Boca Chita Key - Biscayne Bay

But not only the land scenery is fantastic on Boca Chita Key; the beautiful clear water that surrounds the island makes it an excellent Biscayne Bay snorkeling spot too; lobsters, little hermit crabs, and other aquatic critters are hiding between the mangrove roots and schools of fish swim around in the shallow waters. There is also a well-kept campground on Boca Chita Key so you can stay for the night.

Be careful while going snorkeling; the current can be strong around the island. Also, there might be jellies in the water. Although the most common types of jellyfish in the Florida Keys are harmful to humans, there are some that might cause discomfort, irritation, or severe reactions for those who have sensitive skin, so it is better to avoid them.

Sands Key

If it comes to snorkeling at Biscayne National Park, Sands Key is another spot you want to visit. This pretty island is located in the lower Biscayne Bay, between Boca Chita and Elliott Keys (don’t mix it up with Sand Key Reef which is a snorkeling spot in Key West). Sands Key is referred to as Saunder’s Key too.

The underwater view is very similar to the one you can see around Boca Chita Key. Biscayne National Park snorkel tours often include a stop here in their itinerary (your captain will choose the snorkel site depending on the water/weather conditions to ensure a safe experience). Sands Key (and also Soldier Key I am talking about below) are so-called transitional islands meaning that they are hard rock coral keys with sandy barriers on their north.

Elliot Key

Elliott Key is the northernmost island of the Florida Keys and is the park’s largest key.
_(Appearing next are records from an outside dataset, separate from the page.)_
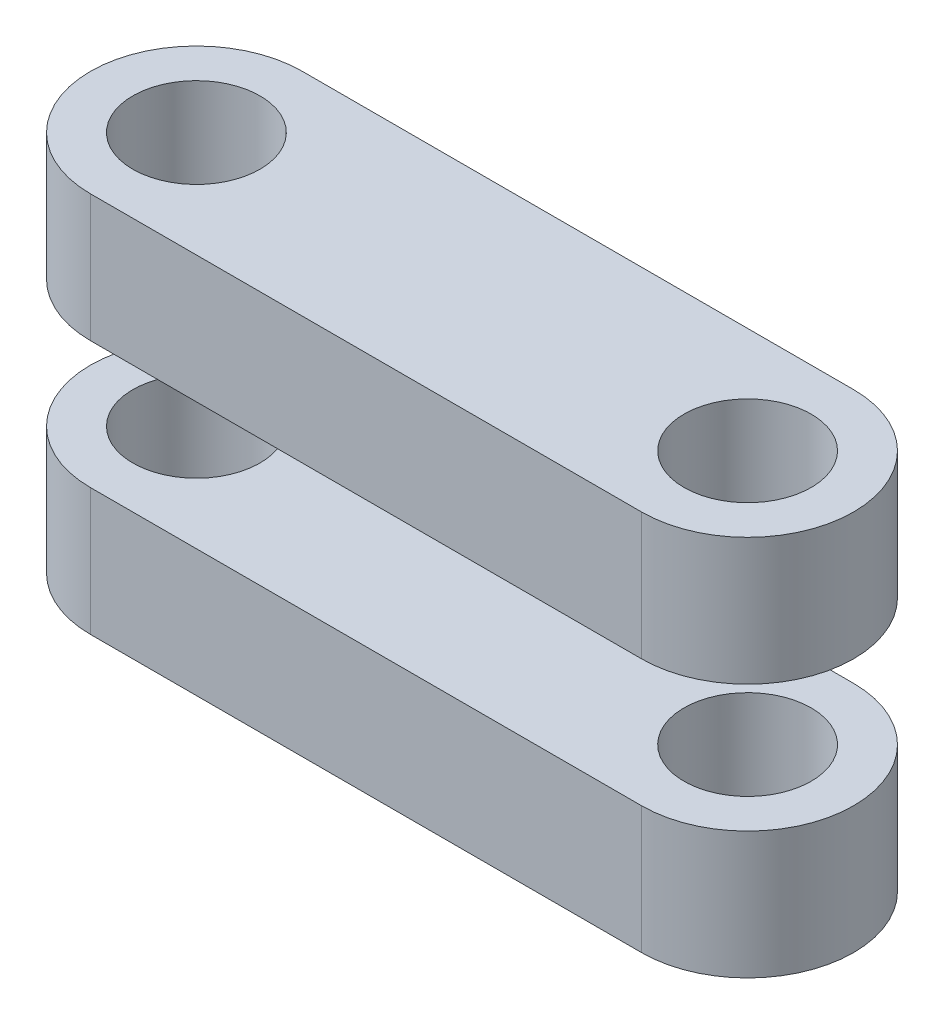
ISO-10303-21;
HEADER;
FILE_DESCRIPTION(('STEP AP214'),'2;1');
FILE_NAME('part.step','',(''),(''),'','','');
FILE_SCHEMA(('AUTOMOTIVE_DESIGN { 1 0 10303 214 1 1 1 1 }'));
ENDSEC;
DATA;
#1=APPLICATION_CONTEXT('core data for automotive mechanical design processes');
#2=APPLICATION_PROTOCOL_DEFINITION('international standard','automotive_design',2000,#1);
#3=PRODUCT_CONTEXT('',#1,'mechanical');
#4=PRODUCT('Part','Part','',(#3));
#5=PRODUCT_RELATED_PRODUCT_CATEGORY('part','',(#4));
#6=PRODUCT_DEFINITION_FORMATION('','',#4);
#7=PRODUCT_DEFINITION_CONTEXT('part definition',#1,'design');
#8=PRODUCT_DEFINITION('design','',#6,#7);
#9=PRODUCT_DEFINITION_SHAPE('','',#8);
#10=(LENGTH_UNIT() NAMED_UNIT(*) SI_UNIT(.MILLI.,.METRE.));
#11=(NAMED_UNIT(*) PLANE_ANGLE_UNIT() SI_UNIT($,.RADIAN.));
#12=(NAMED_UNIT(*) SI_UNIT($,.STERADIAN.) SOLID_ANGLE_UNIT());
#13=UNCERTAINTY_MEASURE_WITH_UNIT(LENGTH_MEASURE(1.E-05),#10,'distance_accuracy_value','');
#14=(GEOMETRIC_REPRESENTATION_CONTEXT(3) GLOBAL_UNCERTAINTY_ASSIGNED_CONTEXT((#13)) GLOBAL_UNIT_ASSIGNED_CONTEXT((#10,
#11,#12)) REPRESENTATION_CONTEXT('',''));
#15=CARTESIAN_POINT('',(0.,0.,0.));
#16=DIRECTION('',(0.,0.,1.));
#17=DIRECTION('',(1.,0.,0.));
#18=AXIS2_PLACEMENT_3D('',#15,#16,#17);
#19=CARTESIAN_POINT('',(0.,9.,-2.5));
#20=DIRECTION('',(0.,0.,1.));
#21=DIRECTION('',(1.,0.,0.));
#22=AXIS2_PLACEMENT_3D('',#19,#20,#21);
#23=PLANE('',#22);
#24=DIRECTION('',(0.,-1.,0.));
#25=VECTOR('',#24,1.);
#26=CARTESIAN_POINT('',(13.,9.,-2.5));
#27=LINE('',#26,#25);
#28=CARTESIAN_POINT('',(13.,9.,-2.5));
#29=VERTEX_POINT('',#28);
#30=CARTESIAN_POINT('',(13.,6.,-2.5));
#31=VERTEX_POINT('',#30);
#32=EDGE_CURVE('E100',#29,#31,#27,.T.);
#33=ORIENTED_EDGE('',*,*,#32,.T.);
#34=DIRECTION('',(-1.,0.,0.));
#35=VECTOR('',#34,1.);
#36=CARTESIAN_POINT('',(12.,6.,-2.5));
#37=LINE('',#36,#35);
#38=CARTESIAN_POINT('',(0.,6.,-2.5));
#39=VERTEX_POINT('',#38);
#40=EDGE_CURVE('E67',#31,#39,#37,.T.);
#41=ORIENTED_EDGE('',*,*,#40,.T.);
#42=DIRECTION('',(0.,-1.,0.));
#43=VECTOR('',#42,1.);
#44=CARTESIAN_POINT('',(0.,9.,-2.5));
#45=LINE('',#44,#43);
#46=CARTESIAN_POINT('',(0.,9.,-2.5));
#47=VERTEX_POINT('',#46);
#48=EDGE_CURVE('E106',#47,#39,#45,.T.);
#49=ORIENTED_EDGE('',*,*,#48,.F.);
#50=DIRECTION('',(-1.,0.,0.));
#51=VECTOR('',#50,1.);
#52=CARTESIAN_POINT('',(0.,9.,-2.5));
#53=LINE('',#52,#51);
#54=EDGE_CURVE('E108',#29,#47,#53,.T.);
#55=ORIENTED_EDGE('',*,*,#54,.F.);
#56=EDGE_LOOP('',(#33,#41,#49,#55));
#57=FACE_BOUND('',#56,.T.);
#58=ADVANCED_FACE('F50',(#57),#23,.F.);
#59=CARTESIAN_POINT('',(13.,9.,2.5));
#60=DIRECTION('',(0.,0.,-1.));
#61=DIRECTION('',(-1.,0.,0.));
#62=AXIS2_PLACEMENT_3D('',#59,#60,#61);
#63=PLANE('',#62);
#64=DIRECTION('',(1.,0.,0.));
#65=VECTOR('',#64,1.);
#66=CARTESIAN_POINT('',(3.,6.,2.5));
#67=LINE('',#66,#65);
#68=CARTESIAN_POINT('',(0.,6.,2.5));
#69=VERTEX_POINT('',#68);
#70=CARTESIAN_POINT('',(13.,6.,2.5));
#71=VERTEX_POINT('',#70);
#72=EDGE_CURVE('E89',#69,#71,#67,.T.);
#73=ORIENTED_EDGE('',*,*,#72,.T.);
#74=DIRECTION('',(0.,-1.,0.));
#75=VECTOR('',#74,1.);
#76=CARTESIAN_POINT('',(13.,9.,2.5));
#77=LINE('',#76,#75);
#78=CARTESIAN_POINT('',(13.,9.,2.5));
#79=VERTEX_POINT('',#78);
#80=EDGE_CURVE('E53',#79,#71,#77,.T.);
#81=ORIENTED_EDGE('',*,*,#80,.F.);
#82=DIRECTION('',(1.,0.,0.));
#83=VECTOR('',#82,1.);
#84=CARTESIAN_POINT('',(13.,9.,2.5));
#85=LINE('',#84,#83);
#86=CARTESIAN_POINT('',(0.,9.,2.5));
#87=VERTEX_POINT('',#86);
#88=EDGE_CURVE('E124',#87,#79,#85,.T.);
#89=ORIENTED_EDGE('',*,*,#88,.F.);
#90=DIRECTION('',(0.,-1.,0.));
#91=VECTOR('',#90,1.);
#92=CARTESIAN_POINT('',(0.,9.,2.5));
#93=LINE('',#92,#91);
#94=EDGE_CURVE('E111',#87,#69,#93,.T.);
#95=ORIENTED_EDGE('',*,*,#94,.T.);
#96=EDGE_LOOP('',(#73,#81,#89,#95));
#97=FACE_BOUND('',#96,.T.);
#98=ADVANCED_FACE('F140',(#97),#63,.F.);
#99=CARTESIAN_POINT('',(16.,6.,2.5));
#100=DIRECTION('',(0.,1.,0.));
#101=DIRECTION('',(0.,0.,1.));
#102=AXIS2_PLACEMENT_3D('',#99,#100,#101);
#103=PLANE('',#102);
#104=CARTESIAN_POINT('',(13.,6.,0.));
#105=DIRECTION('',(0.,1.,0.));
#106=DIRECTION('',(0.,0.,1.));
#107=AXIS2_PLACEMENT_3D('',#104,#105,#106);
#108=CIRCLE('',#107,1.5);
#109=CARTESIAN_POINT('',(13.,6.,1.5));
#110=VERTEX_POINT('',#109);
#111=EDGE_CURVE('E114',#110,#110,#108,.T.);
#112=ORIENTED_EDGE('',*,*,#111,.T.);
#113=EDGE_LOOP('',(#112));
#114=FACE_BOUND('',#113,.T.);
#115=ORIENTED_EDGE('',*,*,#40,.F.);
#116=CARTESIAN_POINT('',(13.,6.,0.));
#117=DIRECTION('',(0.,1.,0.));
#118=DIRECTION('',(0.,0.,1.));
#119=AXIS2_PLACEMENT_3D('',#116,#117,#118);
#120=CIRCLE('',#119,2.5);
#121=EDGE_CURVE('E95',#71,#31,#120,.T.);
#122=ORIENTED_EDGE('',*,*,#121,.F.);
#123=ORIENTED_EDGE('',*,*,#72,.F.);
#124=CARTESIAN_POINT('',(0.,6.,0.));
#125=DIRECTION('',(0.,1.,0.));
#126=DIRECTION('',(0.,0.,1.));
#127=AXIS2_PLACEMENT_3D('',#124,#125,#126);
#128=CIRCLE('',#127,2.5);
#129=EDGE_CURVE('E98',#39,#69,#128,.T.);
#130=ORIENTED_EDGE('',*,*,#129,.F.);
#131=EDGE_LOOP('',(#115,#122,#123,#130));
#132=FACE_BOUND('',#131,.T.);
#133=CARTESIAN_POINT('',(0.,6.,0.));
#134=DIRECTION('',(0.,1.,0.));
#135=DIRECTION('',(0.,0.,1.));
#136=AXIS2_PLACEMENT_3D('',#133,#134,#135);
#137=CIRCLE('',#136,1.5);
#138=CARTESIAN_POINT('',(0.,6.,1.5));
#139=VERTEX_POINT('',#138);
#140=EDGE_CURVE('E12',#139,#139,#137,.T.);
#141=ORIENTED_EDGE('',*,*,#140,.T.);
#142=EDGE_LOOP('',(#141));
#143=FACE_BOUND('',#142,.T.);
#144=ADVANCED_FACE('F93',(#114,#132,#143),#103,.F.);
#145=CARTESIAN_POINT('',(13.,9.,0.));
#146=DIRECTION('',(0.,1.,0.));
#147=DIRECTION('',(0.,0.,1.));
#148=AXIS2_PLACEMENT_3D('',#145,#146,#147);
#149=PLANE('',#148);
#150=CARTESIAN_POINT('',(0.,9.,0.));
#151=DIRECTION('',(0.,1.,0.));
#152=DIRECTION('',(0.,0.,1.));
#153=AXIS2_PLACEMENT_3D('',#150,#151,#152);
#154=CIRCLE('',#153,1.5);
#155=CARTESIAN_POINT('',(0.,9.,1.5));
#156=VERTEX_POINT('',#155);
#157=EDGE_CURVE('E129',#156,#156,#154,.T.);
#158=ORIENTED_EDGE('',*,*,#157,.F.);
#159=EDGE_LOOP('',(#158));
#160=FACE_BOUND('',#159,.T.);
#161=CARTESIAN_POINT('',(13.,9.,0.));
#162=DIRECTION('',(0.,1.,0.));
#163=DIRECTION('',(0.,0.,1.));
#164=AXIS2_PLACEMENT_3D('',#161,#162,#163);
#165=CIRCLE('',#164,2.5);
#166=EDGE_CURVE('E118',#79,#29,#165,.T.);
#167=ORIENTED_EDGE('',*,*,#166,.T.);
#168=ORIENTED_EDGE('',*,*,#54,.T.);
#169=CARTESIAN_POINT('',(0.,9.,0.));
#170=DIRECTION('',(0.,1.,0.));
#171=DIRECTION('',(0.,0.,1.));
#172=AXIS2_PLACEMENT_3D('',#169,#170,#171);
#173=CIRCLE('',#172,2.5);
#174=EDGE_CURVE('E126',#47,#87,#173,.T.);
#175=ORIENTED_EDGE('',*,*,#174,.T.);
#176=ORIENTED_EDGE('',*,*,#88,.T.);
#177=EDGE_LOOP('',(#167,#168,#175,#176));
#178=FACE_BOUND('',#177,.T.);
#179=CARTESIAN_POINT('',(13.,9.,0.));
#180=DIRECTION('',(0.,1.,0.));
#181=DIRECTION('',(0.,0.,1.));
#182=AXIS2_PLACEMENT_3D('',#179,#180,#181);
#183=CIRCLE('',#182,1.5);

This former pineapple plantation island today is a popular spot for camping, swimming, and snorkeling in the Biscayne National Park. There is even a hiking trail on it and it is pet-friendly so you can bring along Fido too!

Biscayne National Park - Florida - United States

The island’s mangrove coastline provides an excellent opportunity to observe juvenile fish species and small aquatic creatures who live among the roots in the shallow waters. In the deeper waters (mainly around the docks) schools of fish hang around and you might encounter a nurse shark, stingray or manatee too so keep your camera ready to capture them!

Soldier Key

This small key (about the size of a football pitch) lies north of Boca Chita Key, also on the sand bar area (known as Safety Valve) that separates Biscayne Bay from the Atlantic Ocean. It is pretty much in its natural state with overgrown bushes on it and mangroves around so it is a perfect destination for those who are looking for an untouched paradise.

The water is usually clear and calm around Soldier Key making it a great snorkel spot for families with little kids. On the west side of the island, there is an old sunken dock in approx. 6ft/2m deep water that attracts lots of fish and other marine life.

Mandalay Wreck

Shipwrecks in the Florida Keys are numerous and some of them can be found in Biscayne Bay (at least 44 wrecks but the research for more is still ongoing). For snorkelers, the easiest and the most impressive to visit is the wreck of Mandalay, a 112 ft/34 m long schooner that was driven aground on Long Reef (a long reef area that runs parallel to Elliot Key) in 1966 while returning from the Bahamas.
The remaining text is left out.